### Exercise directions
Locate the lines of the listing below that hold "geometry", then copy each of them.

### Available data

_ _ _

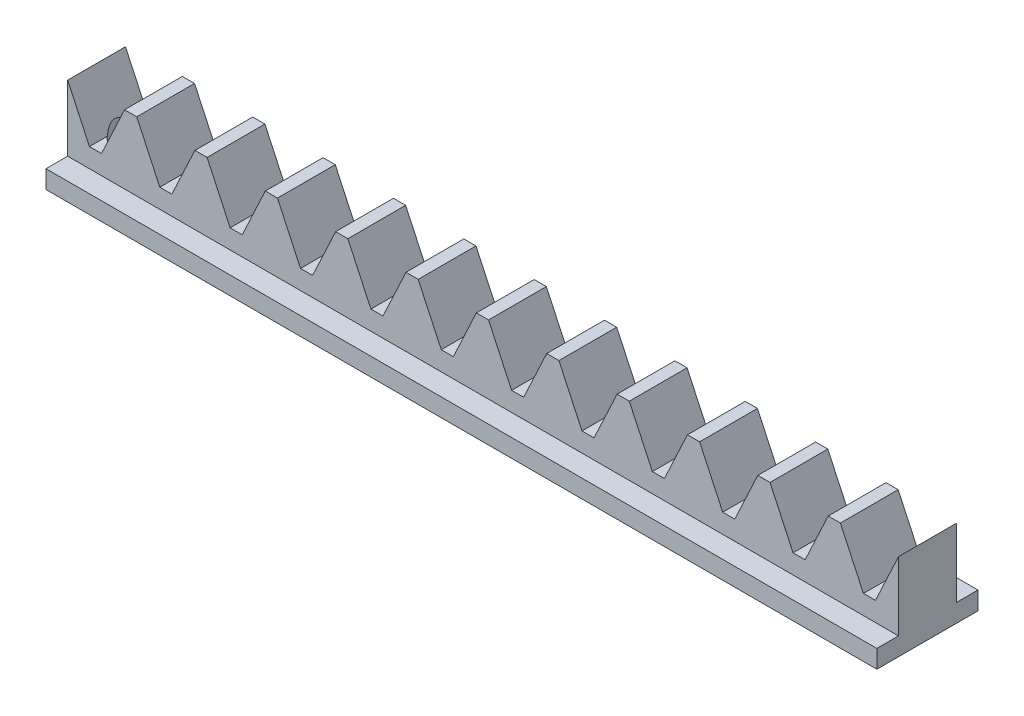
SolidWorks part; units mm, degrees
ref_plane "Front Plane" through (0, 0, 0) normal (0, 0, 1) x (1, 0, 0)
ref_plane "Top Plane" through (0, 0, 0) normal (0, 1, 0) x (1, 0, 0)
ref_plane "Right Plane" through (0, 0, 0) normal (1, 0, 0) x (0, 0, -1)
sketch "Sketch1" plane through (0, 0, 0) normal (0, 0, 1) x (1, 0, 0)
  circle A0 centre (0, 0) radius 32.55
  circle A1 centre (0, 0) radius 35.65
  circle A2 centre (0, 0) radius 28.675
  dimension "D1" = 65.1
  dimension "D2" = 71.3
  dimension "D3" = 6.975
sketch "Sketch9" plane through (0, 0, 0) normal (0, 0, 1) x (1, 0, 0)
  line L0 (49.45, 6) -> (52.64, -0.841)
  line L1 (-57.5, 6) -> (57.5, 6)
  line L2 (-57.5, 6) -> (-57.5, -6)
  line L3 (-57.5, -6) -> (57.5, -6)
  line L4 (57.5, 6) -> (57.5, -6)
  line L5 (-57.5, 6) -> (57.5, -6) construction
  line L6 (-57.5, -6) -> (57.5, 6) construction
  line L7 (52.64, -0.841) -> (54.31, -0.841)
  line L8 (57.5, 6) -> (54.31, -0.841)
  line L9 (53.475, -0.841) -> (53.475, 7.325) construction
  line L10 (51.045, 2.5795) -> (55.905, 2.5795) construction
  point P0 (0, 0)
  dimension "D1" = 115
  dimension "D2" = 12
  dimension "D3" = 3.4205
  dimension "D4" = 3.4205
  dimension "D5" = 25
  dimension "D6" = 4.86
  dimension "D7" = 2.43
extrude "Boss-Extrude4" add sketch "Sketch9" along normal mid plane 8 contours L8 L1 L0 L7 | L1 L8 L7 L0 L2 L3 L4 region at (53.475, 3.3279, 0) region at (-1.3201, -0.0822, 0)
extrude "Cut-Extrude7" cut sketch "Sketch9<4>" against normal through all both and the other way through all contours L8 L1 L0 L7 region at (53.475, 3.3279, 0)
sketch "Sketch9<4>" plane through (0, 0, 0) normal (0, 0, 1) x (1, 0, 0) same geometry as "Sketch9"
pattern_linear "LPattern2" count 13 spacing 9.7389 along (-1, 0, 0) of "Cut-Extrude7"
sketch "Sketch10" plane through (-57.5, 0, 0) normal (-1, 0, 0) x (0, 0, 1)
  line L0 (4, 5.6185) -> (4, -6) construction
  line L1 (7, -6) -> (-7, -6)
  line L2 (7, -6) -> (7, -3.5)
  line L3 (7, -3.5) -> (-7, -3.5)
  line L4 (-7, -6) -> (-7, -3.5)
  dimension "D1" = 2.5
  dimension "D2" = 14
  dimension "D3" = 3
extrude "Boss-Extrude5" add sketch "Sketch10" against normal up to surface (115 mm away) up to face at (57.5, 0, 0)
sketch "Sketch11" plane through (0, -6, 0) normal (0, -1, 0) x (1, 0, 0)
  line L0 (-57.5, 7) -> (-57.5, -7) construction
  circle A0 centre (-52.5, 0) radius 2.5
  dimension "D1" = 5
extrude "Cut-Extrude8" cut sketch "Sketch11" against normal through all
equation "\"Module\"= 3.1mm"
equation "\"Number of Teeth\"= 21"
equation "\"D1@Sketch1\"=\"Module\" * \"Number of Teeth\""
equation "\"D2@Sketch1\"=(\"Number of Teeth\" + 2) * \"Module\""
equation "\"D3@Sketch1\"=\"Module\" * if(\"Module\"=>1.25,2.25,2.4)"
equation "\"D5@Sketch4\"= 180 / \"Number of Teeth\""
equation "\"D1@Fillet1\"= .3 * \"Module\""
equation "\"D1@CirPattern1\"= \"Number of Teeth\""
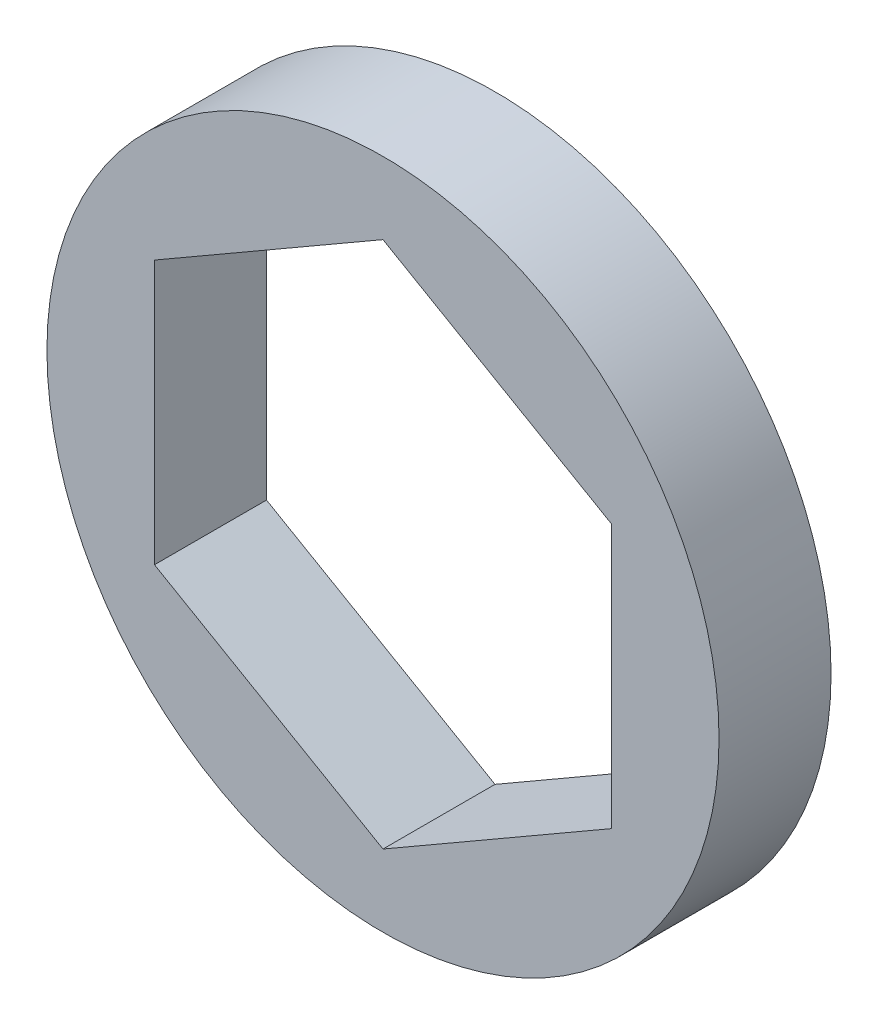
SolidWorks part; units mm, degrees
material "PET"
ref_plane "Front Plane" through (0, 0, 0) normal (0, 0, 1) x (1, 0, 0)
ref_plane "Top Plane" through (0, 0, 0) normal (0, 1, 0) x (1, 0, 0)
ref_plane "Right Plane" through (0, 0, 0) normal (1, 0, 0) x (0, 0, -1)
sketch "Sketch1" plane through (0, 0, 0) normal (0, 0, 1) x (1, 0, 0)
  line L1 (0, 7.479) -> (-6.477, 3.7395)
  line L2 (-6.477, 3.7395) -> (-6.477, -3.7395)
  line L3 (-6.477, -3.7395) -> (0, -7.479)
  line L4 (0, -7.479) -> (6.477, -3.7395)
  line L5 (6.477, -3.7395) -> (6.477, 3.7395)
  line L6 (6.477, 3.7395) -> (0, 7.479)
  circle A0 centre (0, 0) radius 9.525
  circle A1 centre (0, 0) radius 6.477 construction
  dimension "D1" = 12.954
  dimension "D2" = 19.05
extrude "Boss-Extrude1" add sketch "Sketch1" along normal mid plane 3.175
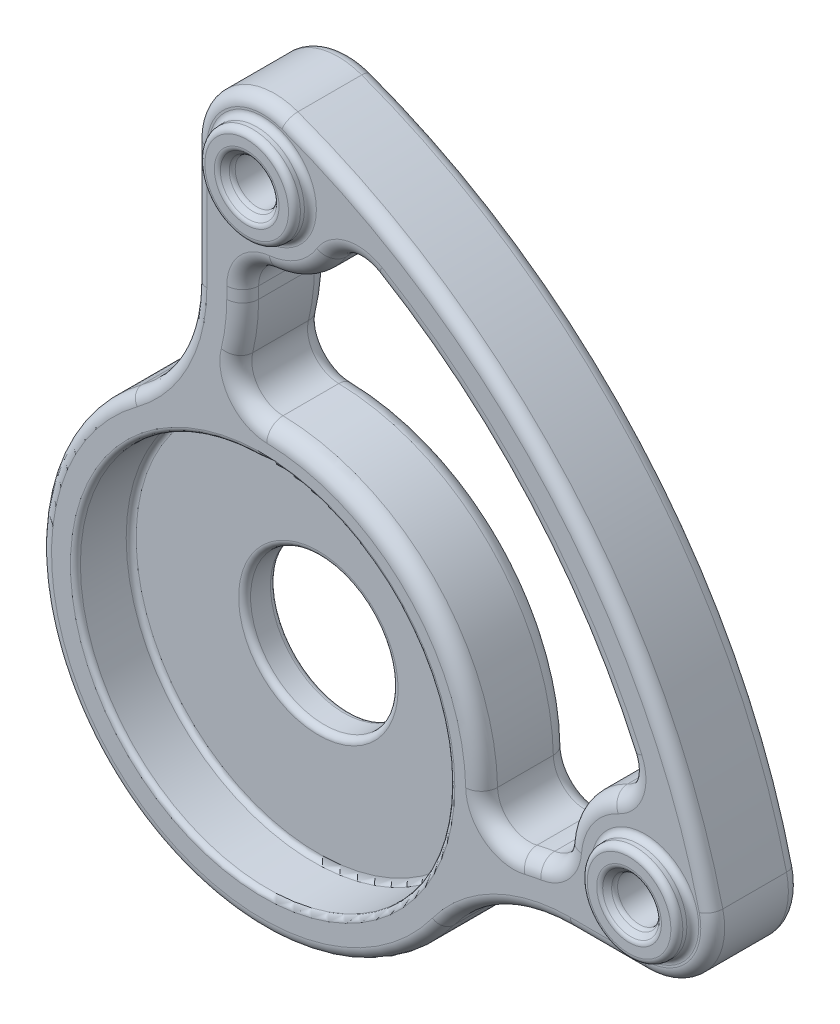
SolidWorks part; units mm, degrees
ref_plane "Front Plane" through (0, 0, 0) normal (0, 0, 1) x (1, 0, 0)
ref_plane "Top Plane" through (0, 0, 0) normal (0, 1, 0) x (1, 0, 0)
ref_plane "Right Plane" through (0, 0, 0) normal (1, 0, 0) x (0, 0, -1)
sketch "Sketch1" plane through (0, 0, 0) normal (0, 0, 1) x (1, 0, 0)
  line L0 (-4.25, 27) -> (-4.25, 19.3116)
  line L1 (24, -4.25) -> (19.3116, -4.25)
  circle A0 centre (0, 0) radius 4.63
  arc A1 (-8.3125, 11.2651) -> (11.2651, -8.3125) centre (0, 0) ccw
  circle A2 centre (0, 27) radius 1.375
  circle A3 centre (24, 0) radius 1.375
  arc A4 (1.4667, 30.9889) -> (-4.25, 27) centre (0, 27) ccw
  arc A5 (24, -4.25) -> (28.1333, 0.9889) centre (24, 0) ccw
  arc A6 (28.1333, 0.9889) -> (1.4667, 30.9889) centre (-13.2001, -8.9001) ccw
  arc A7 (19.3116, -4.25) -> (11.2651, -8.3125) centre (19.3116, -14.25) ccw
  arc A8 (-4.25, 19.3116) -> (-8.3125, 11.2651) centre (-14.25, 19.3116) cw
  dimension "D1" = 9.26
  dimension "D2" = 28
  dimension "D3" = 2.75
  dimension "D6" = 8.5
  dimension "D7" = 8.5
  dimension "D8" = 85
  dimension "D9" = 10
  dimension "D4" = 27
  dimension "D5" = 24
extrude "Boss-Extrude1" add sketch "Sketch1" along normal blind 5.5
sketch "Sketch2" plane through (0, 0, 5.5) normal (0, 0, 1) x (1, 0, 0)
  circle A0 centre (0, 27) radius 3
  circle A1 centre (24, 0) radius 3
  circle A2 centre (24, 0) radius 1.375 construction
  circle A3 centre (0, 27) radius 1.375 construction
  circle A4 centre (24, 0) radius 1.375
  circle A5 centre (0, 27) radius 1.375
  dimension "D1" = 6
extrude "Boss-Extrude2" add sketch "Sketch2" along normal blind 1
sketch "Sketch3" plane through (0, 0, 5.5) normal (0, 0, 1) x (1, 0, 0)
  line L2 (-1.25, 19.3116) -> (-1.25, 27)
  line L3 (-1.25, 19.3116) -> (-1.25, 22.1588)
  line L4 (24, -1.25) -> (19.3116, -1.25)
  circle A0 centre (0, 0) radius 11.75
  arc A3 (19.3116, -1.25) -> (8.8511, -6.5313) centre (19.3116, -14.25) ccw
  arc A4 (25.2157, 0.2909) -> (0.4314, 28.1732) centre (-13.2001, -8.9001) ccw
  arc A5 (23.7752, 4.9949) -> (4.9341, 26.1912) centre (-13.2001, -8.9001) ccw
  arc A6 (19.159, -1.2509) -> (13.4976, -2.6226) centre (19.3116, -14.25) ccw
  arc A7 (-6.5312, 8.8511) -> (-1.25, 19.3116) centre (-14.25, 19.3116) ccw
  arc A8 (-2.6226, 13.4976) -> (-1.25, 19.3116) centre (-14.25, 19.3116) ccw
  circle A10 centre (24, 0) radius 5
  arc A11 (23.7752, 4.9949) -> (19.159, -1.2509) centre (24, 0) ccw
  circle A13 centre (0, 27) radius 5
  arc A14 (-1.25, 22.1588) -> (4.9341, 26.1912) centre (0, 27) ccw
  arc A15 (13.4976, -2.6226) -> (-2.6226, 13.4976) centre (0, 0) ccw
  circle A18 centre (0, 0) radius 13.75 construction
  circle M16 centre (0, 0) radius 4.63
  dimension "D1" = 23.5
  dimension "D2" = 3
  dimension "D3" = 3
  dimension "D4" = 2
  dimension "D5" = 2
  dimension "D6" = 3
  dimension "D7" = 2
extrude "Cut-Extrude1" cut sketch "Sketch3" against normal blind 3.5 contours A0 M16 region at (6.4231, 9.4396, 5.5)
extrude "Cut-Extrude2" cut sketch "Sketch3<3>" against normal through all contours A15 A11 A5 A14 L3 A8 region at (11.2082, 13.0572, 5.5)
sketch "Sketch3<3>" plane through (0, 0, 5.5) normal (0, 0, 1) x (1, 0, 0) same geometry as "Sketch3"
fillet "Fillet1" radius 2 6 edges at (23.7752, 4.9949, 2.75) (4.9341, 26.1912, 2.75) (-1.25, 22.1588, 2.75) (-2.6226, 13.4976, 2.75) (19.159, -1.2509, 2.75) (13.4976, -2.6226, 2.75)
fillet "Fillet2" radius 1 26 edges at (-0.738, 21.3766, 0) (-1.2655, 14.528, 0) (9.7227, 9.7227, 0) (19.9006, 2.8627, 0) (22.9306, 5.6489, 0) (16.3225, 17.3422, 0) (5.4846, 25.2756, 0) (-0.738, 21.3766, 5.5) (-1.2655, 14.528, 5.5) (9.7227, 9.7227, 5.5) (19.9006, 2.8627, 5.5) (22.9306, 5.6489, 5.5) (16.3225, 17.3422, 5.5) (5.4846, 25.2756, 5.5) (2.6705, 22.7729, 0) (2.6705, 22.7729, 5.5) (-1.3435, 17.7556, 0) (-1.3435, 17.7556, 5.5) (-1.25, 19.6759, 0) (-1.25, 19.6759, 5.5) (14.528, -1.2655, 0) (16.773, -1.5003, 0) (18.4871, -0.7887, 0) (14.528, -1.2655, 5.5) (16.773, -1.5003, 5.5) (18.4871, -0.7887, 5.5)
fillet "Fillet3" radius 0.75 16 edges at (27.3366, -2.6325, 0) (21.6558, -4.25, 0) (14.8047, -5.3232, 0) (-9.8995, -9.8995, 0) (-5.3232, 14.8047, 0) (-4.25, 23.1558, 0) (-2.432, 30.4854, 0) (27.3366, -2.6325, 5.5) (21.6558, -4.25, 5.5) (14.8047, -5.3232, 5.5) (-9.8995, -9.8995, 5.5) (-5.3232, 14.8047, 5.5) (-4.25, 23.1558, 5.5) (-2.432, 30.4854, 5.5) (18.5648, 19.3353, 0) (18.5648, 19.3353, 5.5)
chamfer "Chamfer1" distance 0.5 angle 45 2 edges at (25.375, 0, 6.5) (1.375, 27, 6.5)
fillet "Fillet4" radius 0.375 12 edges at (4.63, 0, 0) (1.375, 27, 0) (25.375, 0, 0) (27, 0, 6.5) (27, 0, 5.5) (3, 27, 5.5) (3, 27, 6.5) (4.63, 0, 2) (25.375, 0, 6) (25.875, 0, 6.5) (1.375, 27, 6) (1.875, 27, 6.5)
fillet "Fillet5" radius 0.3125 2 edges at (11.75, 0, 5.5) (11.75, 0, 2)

_ _ _

### Response for this exercise
sketch "Sketch9<4>" plane through (0, 0, 0) normal (0, 0, 1) x (1, 0, 0) same geometry as "Sketch9"
sketch "Sketch3<3>" plane through (0, 0, 5.5) normal (0, 0, 1) x (1, 0, 0) same geometry as "Sketch3"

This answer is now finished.